Majelis Komisi menilai tujuan dari perjanjian antara AHM dan main dealer, serta perjanjian main dealer dan dealer memberikan dampak positif yakni untuk menjaga kualitas, reputasi, dan layanan purna jual kepada konsumen.

Oleh:
Fitri Novia Heriani
Bacaan 4 Menit
Komisi Pengawas Persaingan Usaha. Foto: RES
Komisi Pengawas Persaingan Usaha. Foto: RES

KPPU baru saja memutuskan perkara Nomor 31/KPPU/2019 dengan termohon PT Astra Honda Motor (AHM). Dalam sidang putusan pada Kamis, (25/2), Majelis Komisi yang terdiri dari Chandra Setiawan selaku Ketua Majelis, dan Kurnia Toha, Yudi Hidayat masing-masing sebagai Anggota Majelis Komisi, memutuskan bahwa AHM tidak terbukti melanggar Pasal 15 ayat 2 terkait perjanjian pembelian bersyarat atau tying agreement dan Pasal 15 ayat 3 terkait perjanjian potongan harga bersyarat atau bundling agreement dalam Undang-Undang Nomor 5 Tahun 1999 atas penjualan pelumas sepeda motor.

Pasal 15 ayat (2) menyatakan, Pelaku usaha dilarang membuat perjanjian dengan pihak lain yang memuat persyaratan bahwa pihak yang menerima barang dan atau jasa tertentu harus bersedia membeli barang dan atau jasa lain dari pelaku usaha pemasok.

Sementara ayat (3) menyebutkan, Pelaku usaha dilarang membuat perjanjian mengenai harga atau potongan harga tertentu atas barang dan atau jasa, yang memuat persyaratan bahwa pelaku usaha yang menerima barang dan atau jasa dari pelaku usaha pemasok: a. harus bersedia membeli barang dan atau jasa lain dari pelaku usaha pemasok; atau b. tidak akan membeli barang dan atau jasa yang sama atau sejenis dari pelaku usaha lain yang menjadi pesaing dari pelaku usaha pemasok.

Perkara ini berawal dari penelitian inisiatif dan ditindaklanjuti ke tahap penyelidikan mengenai dugaan perjanjian pembelian bersyarat dan perjanjian potongan harga dalam penjualan pelumas sepeda motor, khususnya pelumas dengan spesifikasi teknis SAE 10W-30, JASO MB, API SG atau lebih tinggi, yang dilakukan oleh PT Astra Honda Motor di Pulau Jawa. (Baca: KPPU Tangani Perkara Dugaan Perjanjian Tertutup Bisnis Pelumas)

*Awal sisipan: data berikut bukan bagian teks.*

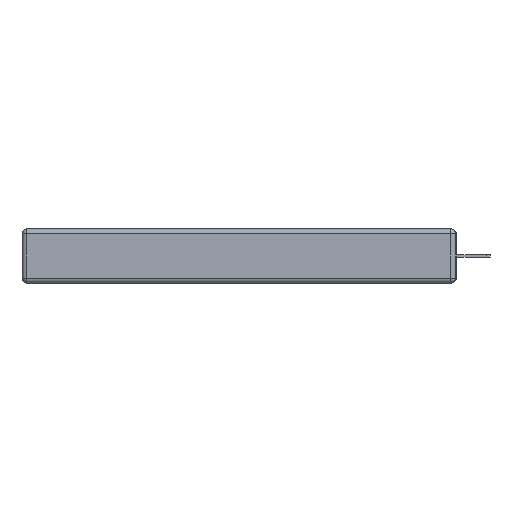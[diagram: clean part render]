
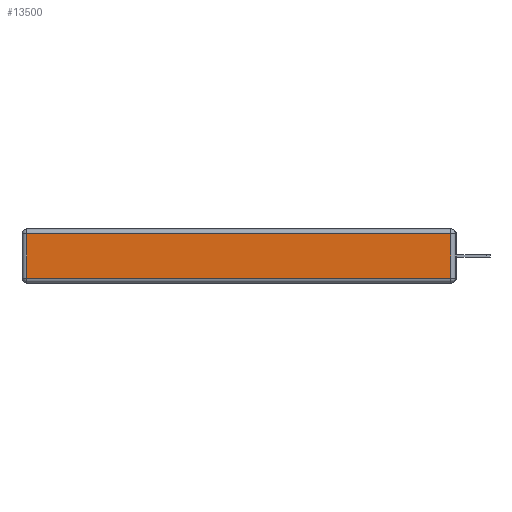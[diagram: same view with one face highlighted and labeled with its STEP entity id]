
A CAD part, left-side view. The second image highlights one B-rep face of the part: STEP entity #13500.
In plain terms, the highlighted planar face has unit normal (-1, 0, 0).
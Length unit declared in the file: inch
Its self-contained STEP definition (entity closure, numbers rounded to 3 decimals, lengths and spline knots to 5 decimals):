
#10 = LINE ( 'NONE', #15647, #1095 ) ;
#84 = ORIENTED_EDGE ( 'NONE', *, *, #15133, .T. ) ;
#214 = VERTEX_POINT ( 'NONE', #3803 ) ;
#1095 = VECTOR ( 'NONE', #8979, 39.37008 ) ;
#1627 = CARTESIAN_POINT ( 'NONE',  ( 0., 0., -0.343 ) ) ;
#2123 = VERTEX_POINT ( 'NONE', #10020 ) ;
#2350 = ORIENTED_EDGE ( 'NONE', *, *, #17502, .T. ) ;
#3803 = CARTESIAN_POINT ( 'NONE',  ( 0., 2.72, -0.03 ) ) ;
#3969 = CARTESIAN_POINT ( 'NONE',  ( 0., 2.72, -0.343 ) ) ;
#4190 = DIRECTION ( 'NONE',  ( 0., 0., 1. ) ) ;
#5151 = CARTESIAN_POINT ( 'NONE',  ( 0., 0.03, -0.313 ) ) ;
#5333 = DIRECTION ( 'NONE',  ( 0., 0., -1. ) ) ;
#5475 = AXIS2_PLACEMENT_3D ( 'NONE', #1627, #15298, #4190 ) ;
#5515 = PLANE ( 'NONE',  #5475 ) ;
#5572 = VECTOR ( 'NONE', #11994, 39.37008 ) ;
#6243 = EDGE_CURVE ( 'NONE', #12039, #9239, #17494, .T. ) ;
#7299 = DIRECTION ( 'NONE',  ( 0., -1., 0. ) ) ;
#8583 = LINE ( 'NONE', #13619, #5572 ) ;
#8979 = DIRECTION ( 'NONE',  ( 0., 1., 0. ) ) ;
#9125 = VECTOR ( 'NONE', #5333, 39.37008 ) ;
#9239 = VERTEX_POINT ( 'NONE', #5151 ) ;
#9970 = LINE ( 'NONE', #3969, #9125 ) ;
#10020 = CARTESIAN_POINT ( 'NONE',  ( 0., 0.03, -0.03 ) ) ;
#10391 = VECTOR ( 'NONE', #7299, 39.37008 ) ;
#11262 = ORIENTED_EDGE ( 'NONE', *, *, #17225, .T. ) ;
#11994 = DIRECTION ( 'NONE',  ( 0., 0., 1. ) ) ;
#12039 = VERTEX_POINT ( 'NONE', #14571 ) ;
#12556 = CARTESIAN_POINT ( 'NONE',  ( 0., 0., -0.313 ) ) ;
#12922 = ORIENTED_EDGE ( 'NONE', *, *, #6243, .T. ) ;
#13500 = ADVANCED_FACE ( 'NONE', ( #13746 ), #5515, .T. ) ;
#13619 = CARTESIAN_POINT ( 'NONE',  ( 0., 0.03, -0.343 ) ) ;
#13746 = FACE_OUTER_BOUND ( 'NONE', #17407, .T. ) ;
#14571 = CARTESIAN_POINT ( 'NONE',  ( 0., 2.72, -0.313 ) ) ;
#15133 = EDGE_CURVE ( 'NONE', #214, #12039, #9970, .T. ) ;
#15298 = DIRECTION ( 'NONE',  ( -1., 0., 0. ) ) ;
#15647 = CARTESIAN_POINT ( 'NONE',  ( 0., 2.75, -0.03 ) ) ;
#17225 = EDGE_CURVE ( 'NONE', #2123, #214, #10, .T. ) ;
#17407 = EDGE_LOOP ( 'NONE', ( #12922, #2350, #11262, #84 ) ) ;
#17494 = LINE ( 'NONE', #12556, #10391 ) ;
#17502 = EDGE_CURVE ( 'NONE', #9239, #2123, #8583, .T. ) ;

Perkara ini merupakan pengembangan kasus kartel skuter matik di tahun 2016. Dalam proses penyelidikan, KPPU menemukan adanya dugaan pelanggaran perjanjian ekslusif yang dilakukan AHM. Perjanjian ekslusif melibatkan perjanjian antara main dealer dan/atau bengkel Astra Honda Authorized Service Station (AHASS) dengan AHM yang memuat persyaratan bahwa siapa pun yang ingin memiliki bengkel AHASS harus menerima peralatan minimal awal (strategic tools) dari AHM, dan wajib membeli suku cadang lain (antara lain pelumas) dari AHM. Selain itu, juga terdapat perjanjian eksklusif yang berkaitan dengan potongan harga suku cadang (termasuk pelumas) yang diperoleh pemilik bengkel AHASS, jika mereka hanya menjual suku cadang asli dari AHM dan/atau tidak menjual pelumas merek lain.

Pada proses persidangan, Majelis Komisi menemukan fakta-fakta, melakukan penilaian, dan menyimpulkan bahwa unsur potongan harga bersyarat (bundling) dalam perkara tersebut tidak terpenuhi, sementara unsur perjanjian pembelian bersyarat (tying) secara per se dapat terpenuhi dan AHM terbukti melanggar Pasal 15 ayat (2).

Namun Majelis Komisi berpendapat bahwa berdasarkan Peraturan KPPU Nomor 5 Tahun 2011 tentang Pedoman Pasal 15 (Perjanjian Tertutup), Pasal 15 ayat (2) dapat diperiksa berdasarkan rule of reason, karena perjanjian tying dapat berdampak negatif dan dapat pula berdampak positif bagi persaingan usaha dan masyarakat.